** EXERCISE DATA follows **

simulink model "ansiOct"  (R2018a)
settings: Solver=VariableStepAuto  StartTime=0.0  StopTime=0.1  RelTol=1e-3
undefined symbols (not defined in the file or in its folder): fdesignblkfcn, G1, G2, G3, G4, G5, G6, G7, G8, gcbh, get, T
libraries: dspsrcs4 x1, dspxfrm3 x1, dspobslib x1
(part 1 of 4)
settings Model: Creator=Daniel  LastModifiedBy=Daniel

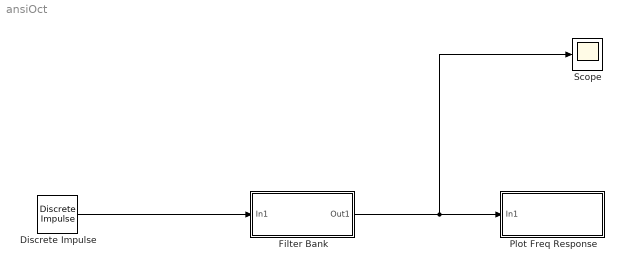
== system ansiOct ==
  Discrete Impulse : dspsrcs4/Discrete  Impulse  Delay=0  SampleTime=T  FrameSample=128  OutputFrames=off  dataType=double  isSigned=on  wordLen=16  udDataType=sfix(16)  fracBitsMode=Best precision  numFracBits=15  OutDataTypeStr=double  LastOutDataTypeStr=double
  "Filter Bank " : Subsystem
  Plot Freq Response : Subsystem
  Scope : Scope
  wires:
  "Filter Bank "/1(Out1) -> Scope/1, Plot Freq Response/1(In1)
  Discrete Impulse/1 -> "Filter Bank "/1(In1)

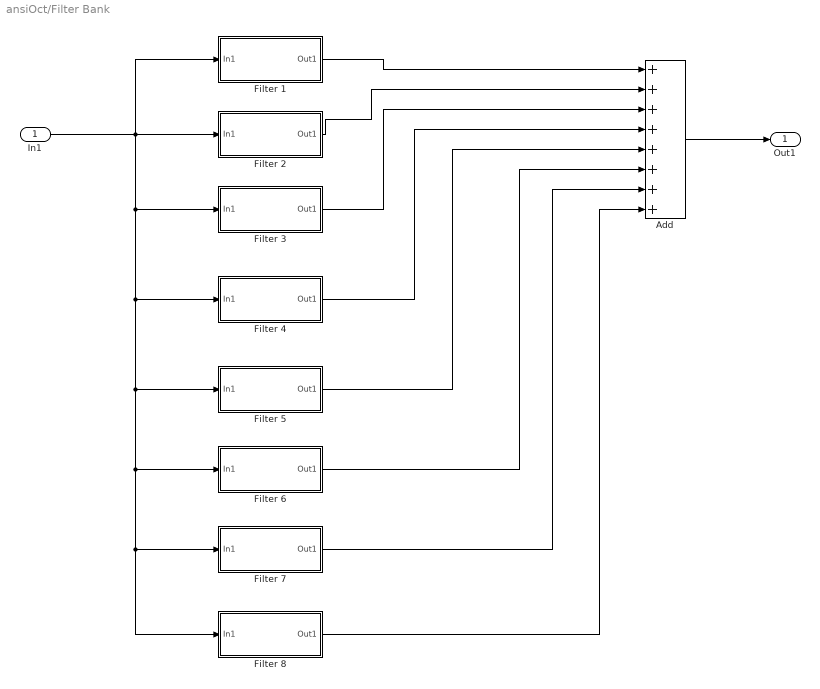
== system ansiOct/Filter Bank  ==
  In1 : Inport
  Add : Sum  Inputs=++++++++
  Filter 1 : Subsystem
  Filter 2 : Subsystem
  Filter 3 : Subsystem
  Filter 4 : Subsystem
  Filter 5 : Subsystem
  Filter 6 : Subsystem
  Filter 7 : Subsystem
  Filter 8 : Subsystem
  Out1 : Outport
  wires:
  In1/1 -> Filter 6/1(In1), Filter 8/1(In1), Filter 7/1(In1), Filter 5/1(In1), Filter 4/1(In1), Filter 3/1(In1), Filter 1/1(In1), Filter 2/1(In1)
  Add/1 -> Out1/1
  Filter 1/1(Out1) -> Add/1
  Filter 2/1(Out1) -> Add/2
  Filter 3/1(Out1) -> Add/3
  Filter 4/1(Out1) -> Add/4
  Filter 5/1(Out1) -> Add/5
  Filter 6/1(Out1) -> Add/6
  Filter 7/1(Out1) -> Add/7
  Filter 8/1(Out1) -> Add/8

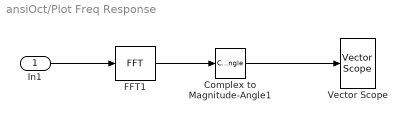
== system ansiOct/Plot Freq Response ==
  In1 : Inport
  Complex to Magnitude-Angle1 : ComplexToMagnitudeAngle  Output=Magnitude
  FFT1 : dspxfrm3/FFT  FFTImplementation=Auto  CompMethod=Table lookup  TableOpt=NEW  TableOptActive=Speed  BitRevOrder=off  Normalize=off  InheritFFTLength=on  FFTLength=64  WrapInput=on  roundingMode=Floor  overflowMode=off  firstCoeffDataTypeStr=Inherit: Same word length as input  firstCoeffLastDataTypeStr=Inherit: Same word length as input  outputMin=[]  outputMax=[]
  Vector Scope : dspobslib/Vector Scope  ScopeProperties=off  Domain=Frequency  HorizSpan=1  DisplayProperties=off  AxisGrid=on  Memory=off  FrameNumber=off  AxisLegend=off  AxisZoom=off  OpenScopeAtSimStart=on  OpenScopeImmediately=off  FigPos=get(0,'defaultfigureposition')  AxisProperties=on  XUnits=Hertz  XRange=[0...Fs/2]  InheritXIncr=on  XIncr=1  XLabel=Samples  XLimit=Auto  XMin=0  XMax=1  XStart=0  YUnits=dB  YLabel=|Magnitude (dB)|  LineProperties=off  XAxisParamsVer=6.9
      settings: SourceProductName=DSP System Toolbox  SourceProductBaseCode=DS  YMin=0.0723692553519949  YMax=69.3188381671759
  wires:
  In1/1 -> FFT1/1
  FFT1/1 -> Complex to Magnitude-Angle1/1
  Complex to Magnitude-Angle1/1 -> Vector Scope/1

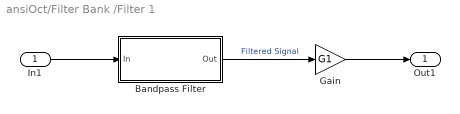
== system ansiOct/Filter Bank /Filter 1 ==
  In1 : Inport
  Bandpass Filter : Subsystem  DialogController=fdesignblkfcn  InitFcn=fdesignblkfcn(gcbh, {'InitFcn'});  mask(Bandpass Filter){}
      mask help: Design a bandpass filter
      settings: CopyFcn=fdesignblkfcn(gcbh, {'CopyFcn'});
      mask Help: helpview(mapfilelocation('dsp'), 'dspbandpassfilter');
      mask Display: disp('Bandpass');
  Gain : Gain  Gain=G1
  Out1 : Outport
  wires:
  Bandpass Filter/1(Out) -> Gain/1  "Filtered Signal"
  In1/1 -> Bandpass Filter/1(In)
  Gain/1 -> Out1/1

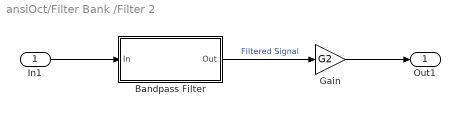
== system ansiOct/Filter Bank /Filter 2 ==
  In1 : Inport
  Bandpass Filter : Subsystem  DialogController=fdesignblkfcn  InitFcn=fdesignblkfcn(gcbh, {'InitFcn'});  mask(Bandpass Filter){}
      mask help: Design a bandpass filter
      settings: CopyFcn=fdesignblkfcn(gcbh, {'CopyFcn'});
      mask Help: helpview(mapfilelocation('dsp'), 'dspbandpassfilter');
      mask Display: disp('Bandpass');
  Gain : Gain  Gain=G2
  Out1 : Outport
  wires:
  Bandpass Filter/1(Out) -> Gain/1  "Filtered Signal"
  In1/1 -> Bandpass Filter/1(In)
  Gain/1 -> Out1/1

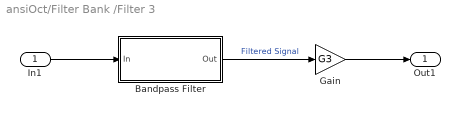
== system ansiOct/Filter Bank /Filter 3 ==
  In1 : Inport
  Bandpass Filter : Subsystem  DialogController=fdesignblkfcn  InitFcn=fdesignblkfcn(gcbh, {'InitFcn'});  mask(Bandpass Filter){}
      mask help: Design a bandpass filter
      settings: CopyFcn=fdesignblkfcn(gcbh, {'CopyFcn'});
      mask Help: helpview(mapfilelocation('dsp'), 'dspbandpassfilter');
      mask Display: disp('Bandpass');
  Gain : Gain  Gain=G3
  Out1 : Outport
  wires:
  Bandpass Filter/1(Out) -> Gain/1  "Filtered Signal"
  In1/1 -> Bandpass Filter/1(In)
  Gain/1 -> Out1/1

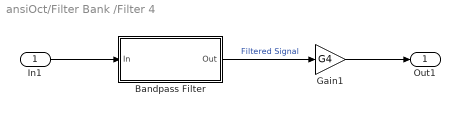
== system ansiOct/Filter Bank /Filter 4 ==
  In1 : Inport
  Bandpass Filter : Subsystem  DialogController=fdesignblkfcn  InitFcn=fdesignblkfcn(gcbh, {'InitFcn'});  mask(Bandpass Filter){}
      mask help: Design a bandpass filter
      settings: CopyFcn=fdesignblkfcn(gcbh, {'CopyFcn'});
      mask Help: helpview(mapfilelocation('dsp'), 'dspbandpassfilter');
      mask Display: disp('Bandpass');
  Gain1 : Gain  Gain=G4
  Out1 : Outport
  wires:
  Bandpass Filter/1(Out) -> Gain1/1  "Filtered Signal"
  In1/1 -> Bandpass Filter/1(In)
  Gain1/1 -> Out1/1

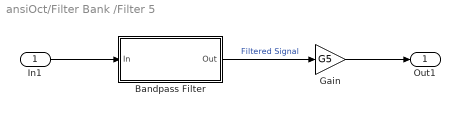
== system ansiOct/Filter Bank /Filter 5 ==
  In1 : Inport
  Bandpass Filter : Subsystem  DialogController=fdesignblkfcn  InitFcn=fdesignblkfcn(gcbh, {'InitFcn'});  mask(Bandpass Filter){}
      mask help: Design a bandpass filter
      settings: CopyFcn=fdesignblkfcn(gcbh, {'CopyFcn'});
      mask Help: helpview(mapfilelocation('dsp'), 'dspbandpassfilter');
      mask Display: disp('Bandpass');
  Gain : Gain  Gain=G5
  Out1 : Outport
  wires:
  Bandpass Filter/1(Out) -> Gain/1  "Filtered Signal"
  In1/1 -> Bandpass Filter/1(In)
  Gain/1 -> Out1/1

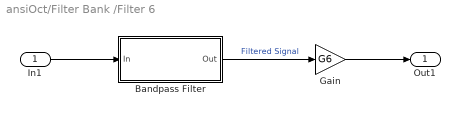
== system ansiOct/Filter Bank /Filter 6 ==
  In1 : Inport
  Bandpass Filter : Subsystem  DialogController=fdesignblkfcn  InitFcn=fdesignblkfcn(gcbh, {'InitFcn'});  mask(Bandpass Filter){}
      mask help: Design a bandpass filter
      settings: CopyFcn=fdesignblkfcn(gcbh, {'CopyFcn'});
      mask Help: helpview(mapfilelocation('dsp'), 'dspbandpassfilter');
      mask Display: disp('Bandpass');
  Gain : Gain  Gain=G6
  Out1 : Outport
  wires:
  Bandpass Filter/1(Out) -> Gain/1  "Filtered Signal"
  In1/1 -> Bandpass Filter/1(In)
  Gain/1 -> Out1/1

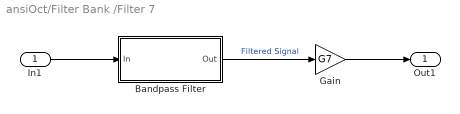
== system ansiOct/Filter Bank /Filter 7 ==
  In1 : Inport
  Bandpass Filter : Subsystem  DialogController=fdesignblkfcn  InitFcn=fdesignblkfcn(gcbh, {'InitFcn'});  mask(Bandpass Filter){}
      mask help: Design a bandpass filter
      settings: CopyFcn=fdesignblkfcn(gcbh, {'CopyFcn'});
      mask Help: helpview(mapfilelocation('dsp'), 'dspbandpassfilter');
      mask Display: disp('Bandpass');
  Gain : Gain  Gain=G7
  Out1 : Outport
  wires:
  Bandpass Filter/1(Out) -> Gain/1  "Filtered Signal"
  In1/1 -> Bandpass Filter/1(In)
  Gain/1 -> Out1/1

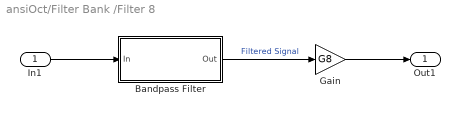
== system ansiOct/Filter Bank /Filter 8 ==
  In1 : Inport
  Bandpass Filter : Subsystem  DialogController=fdesignblkfcn  InitFcn=fdesignblkfcn(gcbh, {'InitFcn'});  mask(Bandpass Filter){}
      mask help: Design a bandpass filter
      settings: CopyFcn=fdesignblkfcn(gcbh, {'CopyFcn'});
      mask Help: helpview(mapfilelocation('dsp'), 'dspbandpassfilter');
      mask Display: disp('Bandpass');
  Gain : Gain  Gain=G8
  Out1 : Outport
  wires:
  Bandpass Filter/1(Out) -> Gain/1  "Filtered Signal"
  In1/1 -> Bandpass Filter/1(In)
  Gain/1 -> Out1/1

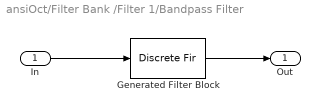
== system ansiOct/Filter Bank /Filter 1/Bandpass Filter ==
  In : Inport
  Generated Filter Block : DiscreteFir  Tag=BlockMethodSubSystem  Coefficients=[-0.00766321048125649575 -0.000180280651799153227 -0.000182785610599459888 -0.000184443947717255431 -0.000186875509306509973 -0.000188447846206871888 -0.000190806976946802253 -0.000192297232951844953 -0.000194601991788270897 -0.00019601436629961916 -0.000198275924662991339 -0.000199627261288770776 -0.000201883607460546632 -0.000203184800043465665 -0.000205446856650040425 -0.00020671435309735123 -0.000209021020418383147 -0.000210261818703512887 -0.000212637221751146529 -0.000213844970491127952 -0.000216312251259223495 -0.000217446489720575498 -0.000219982388833387494 -0.000220951767083763553 -0.000223524562204970441 -0.000224120349799630114 -0.000226602607415899191 -0.000226381163353264617 -0.00022855196562423567 -0.000226411808115840803 -0.00022788720417254318 -0.000218210628464381948 -0.00023497568852827173 -0.000235388195940166792 -0.000231911709631520764 -0.000234847237306085694 -0.000234218286249015877 -0.000236191010248064457 -0.000236133326835806843 -0.000237658198580002181 -0.000237824374138780997 -0.000239065536242846706 -0.000239314711244092911 -0.000240322217095325909 -0.000240591141967531739 -0.000241395290724512595 -0.000241620289729746522 -0.000242205126466383863 -0.000242348430135221174 -0.000242703332043400462 -0.000242737525589365382 -0.000242852706930902541 -0.000242787694884182074 -0.000242697013428466778 -0.000242571666528661276 -0.000242324138280899378 -0.000242267308889479183 -0.000241981617919248673 -0.000242174795828776633 -0.000241928235265721677 -0.000242552799506668028 -0.000242070080761058314 -0.000242951008045991538 -0.000238837783462793953 -0.000238524395754581635 -0.000240482695051520088 -0.000238131971158704278 -0.000238361412433516894 -0.000236819695529160888 -0.000236560261147229436 -0.000235120745499842995 -0.000234566442548079878 -0.000233107877824311778 -0.000232337262237553173 -0.000230824115358478572 -0.000229864201716600055 -0.000228284338687220778 -0.000227186908550826142 -0.000225559522026170975 -0.000224348391177660712 -0.000222687157823483751 -0.000221384895594229806 -0.000219695252986035498 -0.000218288750798940076 -0.000216538362972683925 -0.000215001242463077377 -0.000213138473820173368 -0.00021137502997300566 -0.00020932487579477152 -0.000207285265296331268 -0.000205074486160273492 -0.000202836270805567716 -0.000200765041235944123 -0.0001987055480711205 -0.000197532405615366671 -0.000195150188842548315 -0.000191209642438303908 -0.000190276841143980876 -0.000187202487362218481 -0.000185240501569416515 -0.000182390551951532839 -0.000180230839448019208 -0.000177405086298491356 -0.000175124754402528754 -0.000172279163601710529 -0.00016990718351105356 -0.000167034234510909918 -0.0001645707226866152 -0.000161631089549796341 -0.000159065166646553364 -0.000156051458345740201 -0.000153373891334594725 -0.000150275575470940439 -0.000147492921320956853 -0.000144332775467802981 -0.000141480139864228469 -0.000138283780954060647 -0.000135415111981151 -0.000132253194449095615 -0.00012939794160146811 -0.00012624810089431344 -0.000123340216162112239 -0.000120087655605361277 -0.000116953606323112299 -0.000113461213084915954 -0.000110146192055487669 -0.000107019722237994779 -0.000104842362745944295 -0.000100502507666445714 -9.78003219176787851e-05 -9.4336203158837246e-05 -9.12975976423785826e-05 -8.78539591674525901e-05 -8.47643640689416643e-05 -8.13133957190324786e-05 -7.81920543152074147e-05 -7.47265782922943702e-05 -7.15827263485615043e-05 -6.81264144678822337e-05 -6.49982664947454912e-05 -6.15649773568770117e-05 -5.84607907311234548e-05 -5.50704538519423354e-05 -5.20035077315376368e-05 -4.86539618035929832e-05 -4.56102787262149857e-05 -4.2282737317105895e-05 -3.92543763503132596e-05 -3.59172242501717447e-05 -3.28782288113433865e-05 -2.95601830281163969e-05 -2.65807669006965147e-05 -2.33565234231638626e-05 -2.05227470835534791e-05 -1.74520927754650633e-05 -1.4738187019845262e-05 -1.16039801579321895e-05 -8.66918652024433953e-06 -5.19344793675175057e-06 -3.17781433741570398e-06 ...(+28602 chars)]  InputProcessing=Columns as channels (frame based)
  Out : Outport
  wires:
  In/1 -> Generated Filter Block/1
  Generated Filter Block/1 -> Out/1
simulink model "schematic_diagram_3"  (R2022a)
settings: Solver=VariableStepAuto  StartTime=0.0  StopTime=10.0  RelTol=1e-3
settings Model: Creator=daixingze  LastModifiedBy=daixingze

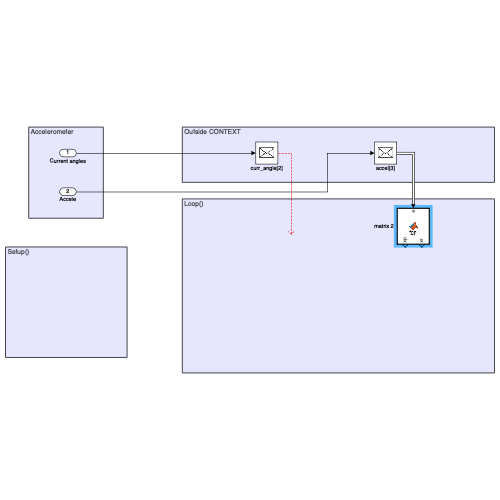
[thumbnail: Simulink's stored preview of the top-level diagram]
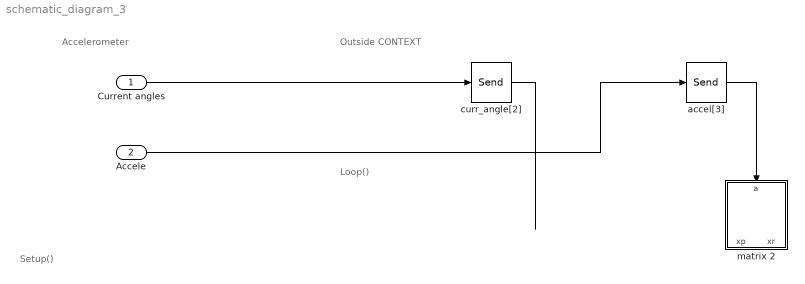
== system schematic_diagram_3 ==
  note: Loop()
  note: Setup()
  note: Accelerometer
  note: Outside CONTEXT
  Current angles : Inport
  Accele : Inport  Port=2
  accel[3] : Send  OutputPortMessageModes=m
  curr_angle[2] : Send  OutputPortMessageModes=m
  matrix 2 : MATLAB Function  TreatAsAtomicUnit=on
  wires:
  Current angles/1 -> curr_angle[2]/1
  Accele/1 -> accel[3]/1
  accel[3]/1 -> matrix 2/1(a)
  curr_angle[2]/1 -> ?

== matlab function schematic_diagram_3/matrix 2 ==
  data: a input; xp output; xr output
function [xp, xr] = fcn(a)
    R = 1;
    z1_error = -R*tan(xp);
    z2_error = (-sqrt(3)*sqrt(R^2+z1_error^2) / tan(xr) - z1_error) / 2;
    z3_error = -z1_error - z2_error;
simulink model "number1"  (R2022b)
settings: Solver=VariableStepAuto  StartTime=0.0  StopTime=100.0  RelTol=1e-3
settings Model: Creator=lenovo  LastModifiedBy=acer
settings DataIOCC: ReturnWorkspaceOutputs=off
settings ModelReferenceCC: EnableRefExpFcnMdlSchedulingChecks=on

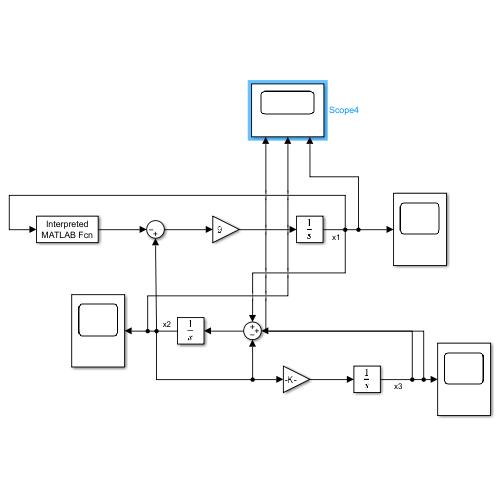
[thumbnail: Simulink's stored preview of the top-level diagram]
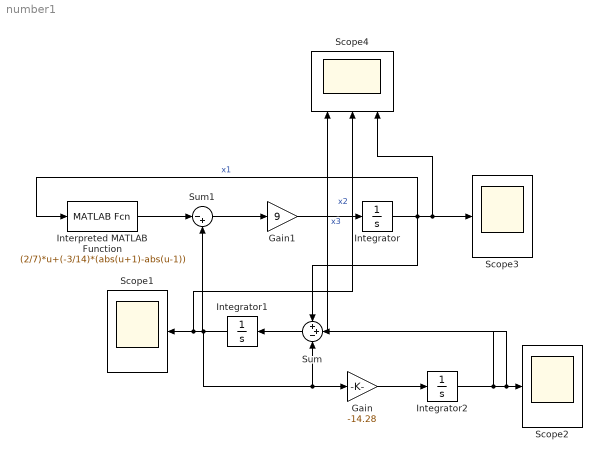
== system number1 ==
  Gain : Gain  Gain=-14.28
  Gain1 : Gain  Gain=9
  Integrator : Integrator  InitialCondition=1
  Integrator1 : Integrator  InitialCondition=2
  Integrator2 : Integrator  InitialCondition=3
  Interpreted MATLAB Function : MATLABFcn  MATLABFcn=(2/7)*u+(-3/14)*(abs(u+1)-abs(u-1))
  Scope1 : Scope
  Scope2 : Scope
  Scope3 : Scope
  Scope4 : Scope  NumInputPorts=3
  Sum : Sum  Inputs=++-
  Sum1 : Sum  Inputs=|-+
  wires:
  Integrator/1 -> Scope3/1, Scope4/3, Interpreted MATLAB Function/1, Sum/1  "x1"
  Integrator1/1 -> Scope4/2, Scope1/1, Gain/1, Sum/3, Sum1/2  "x2"
  Gain/1 -> Integrator2/1
  Integrator2/1 -> Scope4/1, Scope2/1, Sum/2  "x3"
  Sum/1 -> Integrator1/1
  Sum1/1 -> Gain1/1
  Gain1/1 -> Integrator/1
  Interpreted MATLAB Function/1 -> Sum1/1

** End of EXERCISE DATA **

WHAT THE TASK ASKS.
Retype exactly. Include each line from the start of the material through the line holding "Complex to Magnitude-Angle1 : ComplexToMagnitudeAngle", and leave the pictures out.

RESPONSE.
simulink model "ansiOct"  (R2018a)
settings: Solver=VariableStepAuto  StartTime=0.0  StopTime=0.1  RelTol=1e-3
undefined symbols (not defined in the file or in its folder): fdesignblkfcn, G1, G2, G3, G4, G5, G6, G7, G8, gcbh, get, T
libraries: dspsrcs4 x1, dspxfrm3 x1, dspobslib x1
(part 1 of 4)
settings Model: Creator=Daniel  LastModifiedBy=Daniel

== system ansiOct ==
  Discrete Impulse : dspsrcs4/Discrete  Impulse  Delay=0  SampleTime=T  FrameSample=128  OutputFrames=off  dataType=double  isSigned=on  wordLen=16  udDataType=sfix(16)  fracBitsMode=Best precision  numFracBits=15  OutDataTypeStr=double  LastOutDataTypeStr=double
  "Filter Bank " : Subsystem
  Plot Freq Response : Subsystem
  Scope : Scope
  wires:
  "Filter Bank "/1(Out1) -> Scope/1, Plot Freq Response/1(In1)
  Discrete Impulse/1 -> "Filter Bank "/1(In1)

== system ansiOct/Filter Bank  ==
  In1 : Inport
  Add : Sum  Inputs=++++++++
  Filter 1 : Subsystem
  Filter 2 : Subsystem
  Filter 3 : Subsystem
  Filter 4 : Subsystem
  Filter 5 : Subsystem
  Filter 6 : Subsystem
  Filter 7 : Subsystem
  Filter 8 : Subsystem
  Out1 : Outport
  wires:
  In1/1 -> Filter 6/1(In1), Filter 8/1(In1), Filter 7/1(In1), Filter 5/1(In1), Filter 4/1(In1), Filter 3/1(In1), Filter 1/1(In1), Filter 2/1(In1)
  Add/1 -> Out1/1
  Filter 1/1(Out1) -> Add/1
  Filter 2/1(Out1) -> Add/2
  Filter 3/1(Out1) -> Add/3
  Filter 4/1(Out1) -> Add/4
  Filter 5/1(Out1) -> Add/5
  Filter 6/1(Out1) -> Add/6
  Filter 7/1(Out1) -> Add/7
  Filter 8/1(Out1) -> Add/8

== system ansiOct/Plot Freq Response ==
  In1 : Inport
  Complex to Magnitude-Angle1 : ComplexToMagnitudeAngle  Output=Magnitude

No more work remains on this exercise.